Calamares encebollados perfectos - El secreto de la ternura

1 de julio de 2026

Calamares encebollados en un plato blanco, con cebolla caramelizada y perejil, sobre un mantel azul y verde.

Índice

La cebolla bien pochada convierte un plato sencillo en una comida con fondo, y con el calamar pasa justo eso: gana dulzor, salsa y una textura más amable si se cocina con tiempo y sin prisas. Los calamares encebollados funcionan muy bien como guiso marinero, como tapa generosa o como cena completa, y aquí te explico qué ingredientes merece la pena elegir, cómo cocinarlos sin estropearlos y qué acompañamientos les van mejor. También verás los errores más comunes y algunos cambios útiles si quieres darle un punto más murciano, más clásico o ligeramente más intenso.

Lo imprescindible para que el guiso salga tierno y con sabor

  • Pocha la cebolla despacio: es la base real del plato y no conviene correr.
  • El calamar necesita una cocción muy corta o una más larga; los puntos intermedios suelen endurecerlo.
  • Un vino blanco seco suma brillo y equilibrio, pero no debe tapar el sabor del marisco.
  • Si buscas más cuerpo, añade un poco de fumet; si prefieres ligereza, basta con cebolla, aceite y vino.
  • Queda mejor recién hecho, aunque al día siguiente la salsa suele estar más redonda.

Por qué este guiso sigue funcionando tan bien

Hay platos que sobreviven porque no dependen de trucos, sino de una combinación muy sólida: producto razonable, técnica simple y tiempo bien usado. Este es uno de ellos. El calamar aporta sabor marino y una mordida limpia, mientras que la cebolla, cuando se cocina con calma, lo envuelve con una dulzura natural que hace el conjunto más amable y más completo.

Yo lo veo como un plato muy útil en casa: rinde, no exige una lista larga de ingredientes y acepta bien tanto una comida de diario como una mesa informal con pan y vino. En la cocina española, ese equilibrio entre sencillez y resultado es justo lo que convierte un guiso en una receta que se repite. Y si el objetivo es que salga bien, el siguiente paso es elegir bien el producto y no improvisar con el fuego.

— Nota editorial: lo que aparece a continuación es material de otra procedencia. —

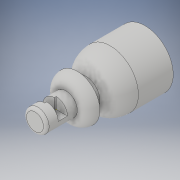
# Autodesk Inventor part: Elektrodenhalter_final_big_withCableCanal
Saved by Autodesk Inventor 2018 (Build 220112000, 112)
## iProperties
Part Number: Elektrodenhalter_final_big_withCableCanal
Material: Generisch
Document SubType Name: Modeling
Designer: Timo
Density: 1 g/cm^3
Appearance: Vorgabe
Author: Timo
Autodesk Inventor part; units mm, degrees
ref_plane "YZ Plane" through (0, 0, 0) normal (1, 0, 0) x (0, 1, 0)
ref_plane "XZ Plane" through (0, 0, 0) normal (0, 1, 0) x (-1, 0, 0)
ref_plane "XY Plane" through (0, 0, 0) normal (0, 0, 1) x (1, 0, 0)
sketch "Skizze1" plane through (0, 0, 0) normal (0, 1, 0) x (-1, 0, 0)
  circle A0 centre (0, 0) radius 4
  dimension "d0" = 8
  constraints: 1 centre point, 1 coincident
  measures "d0" diameter of A0
extrude "Extrusion1" add sketch "Skizze1" along normal blind 2
fillet "Rundung1" radius 2 1 edges at (4, 0, 0)
sketch "Skizze2" plane through (0, 2, 0) normal (0, 1, 0) x (1, 0, 0)
  circle A0 centre (0, 0) radius 2.5
  dimension "d4" = 5
  constraints: 1 centre point, 1 coincident
  measures "d4" diameter of A0
extrude "Extrusion2" add sketch "Skizze2" along normal blind 1.5
sketch "Skizze3" plane through (0, 3.5, 0) normal (0, 1, 0) x (1, 0, 0)
  circle A0 centre (0, 0) radius 5
  dimension "d7" = 10
  constraints: 1 centre point, 1 coincident
  measures "d7" diameter of A0
extrude "Extrusion3" add sketch "Skizze3" along normal blind 8
sketch "Skizze5" plane through (0, 11.5, 0) normal (0, 1, 0) x (1, 0, 0)
  circle A0 centre (0, 0) radius 5
  dimension "d13" = 10
  constraints: 1 centre point, 1 coincident
  measures "d13" diameter of A0
extrude "Extrusion5" add sketch "Skizze5" along normal blind 2.5
sketch "Skizze6" plane through (0, 14, 0) normal (0, 1, 0) x (1, 0, 0)
  circle A0 centre (0, 0) radius 4.25
  dimension "d16" = 8.5
  constraints: 1 centre point, 1 coincident
  measures "d16" diameter of A0
extrude "Extrusion6" cut sketch "Skizze6" against normal blind 2.5
sketch "Skizze8" plane through (0, 11.5, 0) normal (0, 1, 0) x (1, 0, 0)
  circle A0 centre (0, 0) radius 0.8
  dimension "d19" = 1.6
  constraints: 1 centre point, 1 coincident
  measures "d19" diameter of A0
extrude "Extrusion7" add sketch "Skizze8" along normal blind 1.6
fillet "Rundung2" radius 5 1 edges at (-5, 3.5, 0)
sketch "Skizze13" plane through (0, 0, 0) normal (0, -1, 0) x (1, 0, 0)
  circle A0 centre (0, 0) radius 2
  dimension "d26" = 4
  constraints: 1 centre point, 1 coincident
  measures "d26" diameter of A0
extrude "Extrusion9" add sketch "Skizze13" along normal blind 1.75 separate body
sketch "Skizze16" plane through (0, -1.75, 0) normal (0, -1, 0) x (1, 0, 0)
  circle A0 centre (0, 0) radius 2
  circle A1 centre (0, 0) radius 2 projected
  line L0 (-2, 0) -> (2, 0)
  dimension "d35" = 4
  constraints: 2 end point, 2 point on circle, 1 centre point, 1 coincident, 1 horizontal
  measures "d35" diameter of A0
extrude "Extrusion12" add sketch "Skizze16" along normal blind 2 contours A0 L0 picked at (-0.5903, -0.3098) bodies 2
sketch "Skizze17" plane through (0, -3.75, 0) normal (0, -1, 0) x (1, 0, 0)
  circle A0 centre (0, 0) radius 2
  dimension "d38" = 4
  constraints: 1 centre point, 1 coincident
  measures "d38" diameter of A0
extrude "Extrusion13" add sketch "Skizze17" along normal blind 1.75 bodies 2
sketch "Skizze19" plane through (0, -1.75, 0) normal (0, -1, 0) x (1, 0, 0)
  point P0 (0, 0)
sketch "Skizze20" plane through (0, -1.75, 0) normal (0, -1, 0) x (1, 0, 0)
  point P0 (0, 0)
sketch "Skizze21" plane through (0, -1.75, 0) normal (0, -1, 0) x (1, 0, 0)
  point P0 (0, 0)
sketch "Skizze22" plane through (0, -1.75, 0) normal (0, -1, 0) x (1, 0, 0)
  point P0 (0, 0)
sketch "Skizze24" plane through (0, -3.75, 0) normal (0, 1, 0) x (1, 0, 0)
  point P0 (0, 0)
sketch "Skizze28" plane through (0, -1.75, 0) normal (0, -1, 0) x (1, 0, 0)
  circle A0 centre (0, 0) radius 2
  line L0 (0, 2) -> (0, 0)
  line L1 (-2, 0) -> (2, 0) projected
  line L2 (0, 0) -> (-2, 0)
  dimension "d51" = 4
  constraints: 4 end point, 1 centre point, 1 coincident, 1 collinear, 1 point on circle, 1 vertical
  measures "d51" diameter of A0
extrude "Extrusion15" add sketch "Skizze28" along normal blind 0.35 contours L0 L1 A0 picked at (-1.3166, 0.1483) bodies 2
sketch "Skizze32" plane through (0, -3.75, 0) normal (0, 1, 0) x (1, 0, 0)
  circle A0 centre (0, 0) radius 2
  line L0 (0, 0) -> (2, 0) projected
  line L1 (0, 0) -> (0, -2) projected
  line L2 (0, 0) -> (0, -2)
  line L3 (0, 0) -> (2, 0)
  dimension "d55" = 4
  constraints: 4 end point, 2 collinear, 1 centre point, 1 coincident
  measures "d55" diameter of A0
extrude "Extrusion16" add sketch "Skizze32" along normal blind 0.35 contours A0 L1 L0 picked at (1.3166, -0.1483) bodies 2
fillet "Rundung4" radius 0.5 1 edges at (-2, -5.5, 0)

Qué comprar y cómo afinar los ingredientes

Las versiones que más se repiten en la cocina española, como las de Hogarmania y Directo al Paladar, coinciden en lo esencial: calamar limpio, cebolla generosa, vino blanco seco y una cocción tranquila. Yo comparto esa línea porque deja espacio para ajustar la salsa sin volver el plato pesado. Para cuatro personas, una base sensata queda así:
Ingrediente Cantidad orientativa Qué aporta
Calamar limpio 700 g a 1 kg La parte principal del plato y la textura final
Cebolla 2 grandes o 3 medianas Dolzor, salsa y cuerpo
Ajo 1 a 2 dientes Aroma y fondo sin dominar
Aceite de oliva virgen extra 35 a 40 ml Base del sofrito y sensación de cocina casera
Vino blanco seco 100 a 200 ml Acidez, brillo y una salsa más viva
Fumet o agua 0 a 200 ml Más jugo si quieres un guiso menos seco
Sal, pimienta y perejil Al gusto Equilibrio final y frescor
Cayena o brandy Opcional, en poca cantidad Un punto más intenso si te apetece

Si compras el calamar ya limpio, aun así conviene revisarlo: quita restos de pluma, seca bien la superficie con papel y córtalo en anillas o trozos medianos para que se cocine de forma homogénea. Yo prefiero trozos que no sean demasiado pequeños, porque aguantan mejor la cocción y no se deshacen en la cazuela. Esa decisión parece menor, pero cambia bastante el resultado final.

Calamares encebollados, un plato tradicional español, servido en un cuenco blanco sobre una mesa de madera.

Cómo prepararlo sin que el calamar se endurezca

  1. Pocha primero la cebolla. Calienta el aceite a fuego medio-bajo y cocina la cebolla con una pizca de sal durante 12 a 15 minutos, removiendo de vez en cuando. Debe ablandarse, volverse transparente y empezar a tomar un tono dulce, no dorarse con prisas.

  2. Añade el ajo y el calamar. Incorpora el ajo muy picado, dale apenas unos segundos y suma el calamar. Si vas a usar cayena, este es el momento. En mi experiencia, el objetivo no es sellarlo como un filete, sino mezclarlo con la base para que absorba el sofrito.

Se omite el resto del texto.